Jose Emilio Pacheco dies at 74; one of Mexico’s foremost writers
Jose Emilio Pacheco, widely regarded as one of Mexico’s foremost poets and short-story writers, died Sunday, the country’s National Council for Culture and the Arts announced on its official Twitter account. He was 74.
President Enrique Peña Nieto also mourned Pacheco with his own tweet after Pacheco’s daughter confirmed the death to journalists in Mexico City.
The poet, novelist, journalist, essayist and literary critic came to be seen as a leading representative of the generation of Mexican writers who came of age in the late 1950s and 1960s.

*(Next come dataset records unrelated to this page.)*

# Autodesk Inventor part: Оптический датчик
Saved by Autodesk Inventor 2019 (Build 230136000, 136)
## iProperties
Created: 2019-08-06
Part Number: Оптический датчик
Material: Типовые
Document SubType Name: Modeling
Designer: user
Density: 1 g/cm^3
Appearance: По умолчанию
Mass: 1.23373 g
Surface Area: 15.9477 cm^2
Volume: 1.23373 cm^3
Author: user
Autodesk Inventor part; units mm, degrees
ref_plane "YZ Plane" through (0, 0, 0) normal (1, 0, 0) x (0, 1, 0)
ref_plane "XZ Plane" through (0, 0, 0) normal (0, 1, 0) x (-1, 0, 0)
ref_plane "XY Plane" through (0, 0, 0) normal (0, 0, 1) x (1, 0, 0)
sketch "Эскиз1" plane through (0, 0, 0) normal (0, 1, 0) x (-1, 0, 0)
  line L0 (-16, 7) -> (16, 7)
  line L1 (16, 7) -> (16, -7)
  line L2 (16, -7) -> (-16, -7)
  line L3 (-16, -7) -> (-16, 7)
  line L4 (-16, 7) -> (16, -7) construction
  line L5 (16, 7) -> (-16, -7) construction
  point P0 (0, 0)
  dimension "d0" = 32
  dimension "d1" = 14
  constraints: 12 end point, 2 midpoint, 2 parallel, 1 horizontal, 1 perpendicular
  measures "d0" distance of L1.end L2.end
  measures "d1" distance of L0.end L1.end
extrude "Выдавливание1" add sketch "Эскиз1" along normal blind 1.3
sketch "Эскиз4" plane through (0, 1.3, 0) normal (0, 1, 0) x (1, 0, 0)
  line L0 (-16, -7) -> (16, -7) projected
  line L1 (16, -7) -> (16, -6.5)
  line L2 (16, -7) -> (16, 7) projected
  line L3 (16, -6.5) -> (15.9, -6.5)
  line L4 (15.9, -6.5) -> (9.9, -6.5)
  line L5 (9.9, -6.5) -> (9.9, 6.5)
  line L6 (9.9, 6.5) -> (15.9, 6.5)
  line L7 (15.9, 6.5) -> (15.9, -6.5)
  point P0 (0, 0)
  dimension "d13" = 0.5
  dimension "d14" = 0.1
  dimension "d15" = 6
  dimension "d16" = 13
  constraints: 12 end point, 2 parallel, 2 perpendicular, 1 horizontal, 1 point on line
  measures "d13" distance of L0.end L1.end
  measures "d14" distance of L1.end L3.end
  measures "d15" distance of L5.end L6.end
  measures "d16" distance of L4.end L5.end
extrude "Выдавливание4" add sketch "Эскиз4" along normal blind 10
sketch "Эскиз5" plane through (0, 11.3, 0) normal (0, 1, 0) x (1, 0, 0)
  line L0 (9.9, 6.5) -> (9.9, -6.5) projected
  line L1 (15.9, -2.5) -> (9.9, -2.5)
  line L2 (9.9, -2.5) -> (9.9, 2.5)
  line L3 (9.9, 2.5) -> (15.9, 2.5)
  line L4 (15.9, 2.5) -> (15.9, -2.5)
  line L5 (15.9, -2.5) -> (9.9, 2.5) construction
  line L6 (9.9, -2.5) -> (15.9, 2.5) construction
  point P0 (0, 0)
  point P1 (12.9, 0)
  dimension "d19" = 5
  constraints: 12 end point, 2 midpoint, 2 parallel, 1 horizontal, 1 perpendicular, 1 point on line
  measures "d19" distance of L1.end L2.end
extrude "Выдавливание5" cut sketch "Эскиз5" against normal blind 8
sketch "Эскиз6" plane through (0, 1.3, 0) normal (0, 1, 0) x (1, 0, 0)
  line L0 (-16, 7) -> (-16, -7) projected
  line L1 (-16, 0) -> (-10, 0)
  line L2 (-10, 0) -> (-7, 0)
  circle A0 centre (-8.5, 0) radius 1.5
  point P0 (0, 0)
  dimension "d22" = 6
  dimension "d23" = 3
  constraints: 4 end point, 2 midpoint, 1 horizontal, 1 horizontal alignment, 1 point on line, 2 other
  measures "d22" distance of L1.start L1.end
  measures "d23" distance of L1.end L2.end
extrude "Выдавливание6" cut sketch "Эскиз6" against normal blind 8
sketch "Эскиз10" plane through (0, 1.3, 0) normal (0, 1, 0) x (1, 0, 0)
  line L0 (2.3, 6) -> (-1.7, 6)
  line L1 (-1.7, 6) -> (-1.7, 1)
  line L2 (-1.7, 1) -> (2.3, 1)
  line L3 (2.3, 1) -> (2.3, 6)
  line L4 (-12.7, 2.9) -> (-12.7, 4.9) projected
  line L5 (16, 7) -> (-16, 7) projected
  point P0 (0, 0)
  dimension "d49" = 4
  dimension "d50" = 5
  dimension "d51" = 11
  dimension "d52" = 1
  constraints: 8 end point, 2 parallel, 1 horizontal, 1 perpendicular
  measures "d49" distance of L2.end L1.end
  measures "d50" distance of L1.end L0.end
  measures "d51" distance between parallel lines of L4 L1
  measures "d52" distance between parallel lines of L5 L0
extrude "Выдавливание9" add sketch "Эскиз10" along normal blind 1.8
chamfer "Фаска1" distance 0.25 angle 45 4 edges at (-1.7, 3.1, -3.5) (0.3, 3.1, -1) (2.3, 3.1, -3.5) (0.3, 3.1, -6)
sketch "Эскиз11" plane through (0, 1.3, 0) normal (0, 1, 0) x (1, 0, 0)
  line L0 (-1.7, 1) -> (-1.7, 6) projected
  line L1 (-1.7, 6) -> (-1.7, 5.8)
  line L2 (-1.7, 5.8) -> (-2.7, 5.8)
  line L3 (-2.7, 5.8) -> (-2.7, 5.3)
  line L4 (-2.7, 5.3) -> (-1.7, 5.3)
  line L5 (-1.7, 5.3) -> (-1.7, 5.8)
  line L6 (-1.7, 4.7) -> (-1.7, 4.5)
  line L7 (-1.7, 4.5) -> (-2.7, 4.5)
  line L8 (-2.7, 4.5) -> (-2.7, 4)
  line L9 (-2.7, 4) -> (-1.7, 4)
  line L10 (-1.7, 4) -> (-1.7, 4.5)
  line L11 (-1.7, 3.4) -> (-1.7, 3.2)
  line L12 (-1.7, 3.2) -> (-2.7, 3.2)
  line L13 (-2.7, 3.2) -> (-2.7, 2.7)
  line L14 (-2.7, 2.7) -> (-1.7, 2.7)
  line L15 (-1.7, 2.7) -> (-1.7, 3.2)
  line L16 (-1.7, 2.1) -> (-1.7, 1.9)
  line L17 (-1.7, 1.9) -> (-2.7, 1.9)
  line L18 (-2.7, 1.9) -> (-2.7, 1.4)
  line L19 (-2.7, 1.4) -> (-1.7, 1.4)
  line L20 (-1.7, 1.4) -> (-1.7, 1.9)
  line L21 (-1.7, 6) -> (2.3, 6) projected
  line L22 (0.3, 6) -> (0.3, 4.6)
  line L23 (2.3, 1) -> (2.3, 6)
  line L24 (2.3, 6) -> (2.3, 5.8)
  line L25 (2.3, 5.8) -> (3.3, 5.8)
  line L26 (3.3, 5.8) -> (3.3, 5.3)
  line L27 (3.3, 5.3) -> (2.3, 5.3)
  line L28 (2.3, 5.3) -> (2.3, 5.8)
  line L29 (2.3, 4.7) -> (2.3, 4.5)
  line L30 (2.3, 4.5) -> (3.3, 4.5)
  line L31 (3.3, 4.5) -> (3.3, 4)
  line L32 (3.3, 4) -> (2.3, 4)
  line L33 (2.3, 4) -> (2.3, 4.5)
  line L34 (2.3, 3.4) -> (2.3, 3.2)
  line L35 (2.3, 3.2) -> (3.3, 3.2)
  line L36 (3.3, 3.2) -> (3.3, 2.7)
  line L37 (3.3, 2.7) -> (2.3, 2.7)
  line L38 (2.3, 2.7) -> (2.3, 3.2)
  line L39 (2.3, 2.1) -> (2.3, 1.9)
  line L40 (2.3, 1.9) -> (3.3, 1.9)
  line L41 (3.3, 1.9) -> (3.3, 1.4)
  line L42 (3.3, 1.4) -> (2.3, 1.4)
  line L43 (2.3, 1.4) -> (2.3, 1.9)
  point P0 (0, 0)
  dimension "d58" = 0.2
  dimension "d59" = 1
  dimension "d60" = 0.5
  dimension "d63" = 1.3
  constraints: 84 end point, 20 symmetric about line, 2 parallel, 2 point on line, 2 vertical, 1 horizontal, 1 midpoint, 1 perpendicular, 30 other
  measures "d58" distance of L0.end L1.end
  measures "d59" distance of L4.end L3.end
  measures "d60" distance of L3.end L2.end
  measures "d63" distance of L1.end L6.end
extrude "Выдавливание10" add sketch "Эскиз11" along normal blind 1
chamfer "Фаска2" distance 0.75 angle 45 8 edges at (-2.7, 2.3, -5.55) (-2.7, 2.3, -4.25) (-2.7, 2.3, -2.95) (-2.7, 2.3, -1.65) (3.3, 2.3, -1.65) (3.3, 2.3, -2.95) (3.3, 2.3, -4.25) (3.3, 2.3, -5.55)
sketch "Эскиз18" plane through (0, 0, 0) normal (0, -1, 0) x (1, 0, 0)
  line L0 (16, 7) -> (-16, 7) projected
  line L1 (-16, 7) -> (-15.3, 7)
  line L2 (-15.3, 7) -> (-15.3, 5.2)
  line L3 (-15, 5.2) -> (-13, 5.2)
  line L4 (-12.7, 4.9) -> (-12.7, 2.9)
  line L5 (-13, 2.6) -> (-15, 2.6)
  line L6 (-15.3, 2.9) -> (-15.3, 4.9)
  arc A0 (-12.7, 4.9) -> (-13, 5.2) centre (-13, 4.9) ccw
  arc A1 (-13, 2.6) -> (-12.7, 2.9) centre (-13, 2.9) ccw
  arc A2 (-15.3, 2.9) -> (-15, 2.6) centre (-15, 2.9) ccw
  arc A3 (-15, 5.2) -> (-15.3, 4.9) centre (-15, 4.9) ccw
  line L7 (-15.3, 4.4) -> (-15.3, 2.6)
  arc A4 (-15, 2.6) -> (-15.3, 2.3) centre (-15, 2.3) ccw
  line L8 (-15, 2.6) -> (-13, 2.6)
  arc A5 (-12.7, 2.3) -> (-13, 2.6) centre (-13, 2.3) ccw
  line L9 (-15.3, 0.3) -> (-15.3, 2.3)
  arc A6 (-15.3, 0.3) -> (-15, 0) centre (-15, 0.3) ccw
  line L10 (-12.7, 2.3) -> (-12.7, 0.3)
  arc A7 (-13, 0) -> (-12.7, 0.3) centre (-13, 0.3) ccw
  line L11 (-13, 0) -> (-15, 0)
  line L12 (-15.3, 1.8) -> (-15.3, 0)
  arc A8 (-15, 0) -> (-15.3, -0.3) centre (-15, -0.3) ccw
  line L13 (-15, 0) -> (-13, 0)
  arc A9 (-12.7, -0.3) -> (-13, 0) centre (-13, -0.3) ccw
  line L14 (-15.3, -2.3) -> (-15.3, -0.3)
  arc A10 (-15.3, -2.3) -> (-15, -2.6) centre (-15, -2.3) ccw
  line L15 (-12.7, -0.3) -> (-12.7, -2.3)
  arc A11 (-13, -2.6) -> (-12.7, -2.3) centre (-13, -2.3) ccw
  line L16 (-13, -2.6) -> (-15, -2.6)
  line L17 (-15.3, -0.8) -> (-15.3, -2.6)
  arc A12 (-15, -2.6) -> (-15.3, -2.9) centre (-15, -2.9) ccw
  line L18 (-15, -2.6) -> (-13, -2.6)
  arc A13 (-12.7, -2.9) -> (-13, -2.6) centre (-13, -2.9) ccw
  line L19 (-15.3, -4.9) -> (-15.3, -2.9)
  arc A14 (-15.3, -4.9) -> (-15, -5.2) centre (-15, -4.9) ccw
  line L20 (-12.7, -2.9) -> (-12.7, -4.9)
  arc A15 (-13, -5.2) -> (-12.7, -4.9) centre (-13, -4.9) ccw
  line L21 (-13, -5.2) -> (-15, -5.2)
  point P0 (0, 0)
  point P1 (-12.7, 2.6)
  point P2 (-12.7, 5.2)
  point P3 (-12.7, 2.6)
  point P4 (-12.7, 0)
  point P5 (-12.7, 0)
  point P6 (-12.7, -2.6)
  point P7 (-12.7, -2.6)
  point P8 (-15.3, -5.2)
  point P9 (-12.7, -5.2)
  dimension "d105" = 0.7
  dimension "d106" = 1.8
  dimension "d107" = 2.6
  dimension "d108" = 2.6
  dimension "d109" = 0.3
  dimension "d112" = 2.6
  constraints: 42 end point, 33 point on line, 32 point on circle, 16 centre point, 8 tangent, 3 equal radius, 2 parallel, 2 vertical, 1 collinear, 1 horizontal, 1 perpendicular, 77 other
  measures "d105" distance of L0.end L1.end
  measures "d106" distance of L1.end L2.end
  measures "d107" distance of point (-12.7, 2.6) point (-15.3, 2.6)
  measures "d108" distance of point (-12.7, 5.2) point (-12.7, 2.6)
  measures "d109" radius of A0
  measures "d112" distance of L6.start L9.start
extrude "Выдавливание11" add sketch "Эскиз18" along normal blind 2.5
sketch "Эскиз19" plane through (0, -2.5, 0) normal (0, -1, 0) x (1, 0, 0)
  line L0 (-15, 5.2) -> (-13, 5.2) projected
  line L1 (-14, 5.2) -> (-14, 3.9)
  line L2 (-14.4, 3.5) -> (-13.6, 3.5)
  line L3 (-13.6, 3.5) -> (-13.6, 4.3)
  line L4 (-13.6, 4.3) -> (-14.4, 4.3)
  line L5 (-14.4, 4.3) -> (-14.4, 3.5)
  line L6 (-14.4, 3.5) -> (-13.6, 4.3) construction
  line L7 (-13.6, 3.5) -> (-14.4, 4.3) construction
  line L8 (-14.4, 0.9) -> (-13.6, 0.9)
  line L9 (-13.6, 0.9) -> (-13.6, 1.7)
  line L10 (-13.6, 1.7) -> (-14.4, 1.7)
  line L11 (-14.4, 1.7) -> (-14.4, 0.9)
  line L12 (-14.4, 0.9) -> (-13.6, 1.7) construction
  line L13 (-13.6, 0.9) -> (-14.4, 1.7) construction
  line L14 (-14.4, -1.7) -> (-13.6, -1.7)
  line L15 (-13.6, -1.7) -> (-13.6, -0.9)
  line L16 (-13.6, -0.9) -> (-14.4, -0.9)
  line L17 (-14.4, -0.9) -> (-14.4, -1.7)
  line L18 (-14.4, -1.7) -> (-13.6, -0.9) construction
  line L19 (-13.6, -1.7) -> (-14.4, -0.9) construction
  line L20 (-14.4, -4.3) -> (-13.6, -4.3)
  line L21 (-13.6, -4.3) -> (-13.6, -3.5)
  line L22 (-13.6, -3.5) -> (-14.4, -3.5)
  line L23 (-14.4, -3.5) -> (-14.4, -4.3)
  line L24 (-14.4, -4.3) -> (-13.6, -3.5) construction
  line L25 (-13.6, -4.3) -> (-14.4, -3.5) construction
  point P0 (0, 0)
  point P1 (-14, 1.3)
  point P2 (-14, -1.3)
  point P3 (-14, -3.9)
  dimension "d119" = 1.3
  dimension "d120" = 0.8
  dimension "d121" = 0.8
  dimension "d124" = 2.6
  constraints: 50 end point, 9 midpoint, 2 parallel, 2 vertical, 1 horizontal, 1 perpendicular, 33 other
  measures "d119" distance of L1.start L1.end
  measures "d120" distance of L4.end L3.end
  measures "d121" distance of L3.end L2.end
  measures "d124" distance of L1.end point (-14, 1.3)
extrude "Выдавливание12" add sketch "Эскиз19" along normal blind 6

He was best known for bittersweet accounts of adolescents growing up in a less crowded but corrupt and unjust Mexico of the 1940s and ‘50s. He was particularly noted for the 1981 novel “Battles in the Desert,” a story of a boy’s infatuation with the mother of one of his classmates.
Born June 30, 1939, in Mexico City, Pacheco began publishing his writing as a teenager, and in 1957 began publishing the literary magazine Estaciones with fellow university students Carlos Monsivais and Sergio Pitol, according to an official biography published in 2009 when he won the Cervantes Prize, the Spanish-speaking world’s highest literary honor.
His first collection of stories was published in 1958. He followed with a series of poems and story collections in the 1960s. He became editor of Culture, one of most important literary publications in Mexico, and published a widely praised series of prose and poetry over the following decades.
Pacheco also translated works by Samuel Beckett, Tennessee Williams and T.S. Eliot.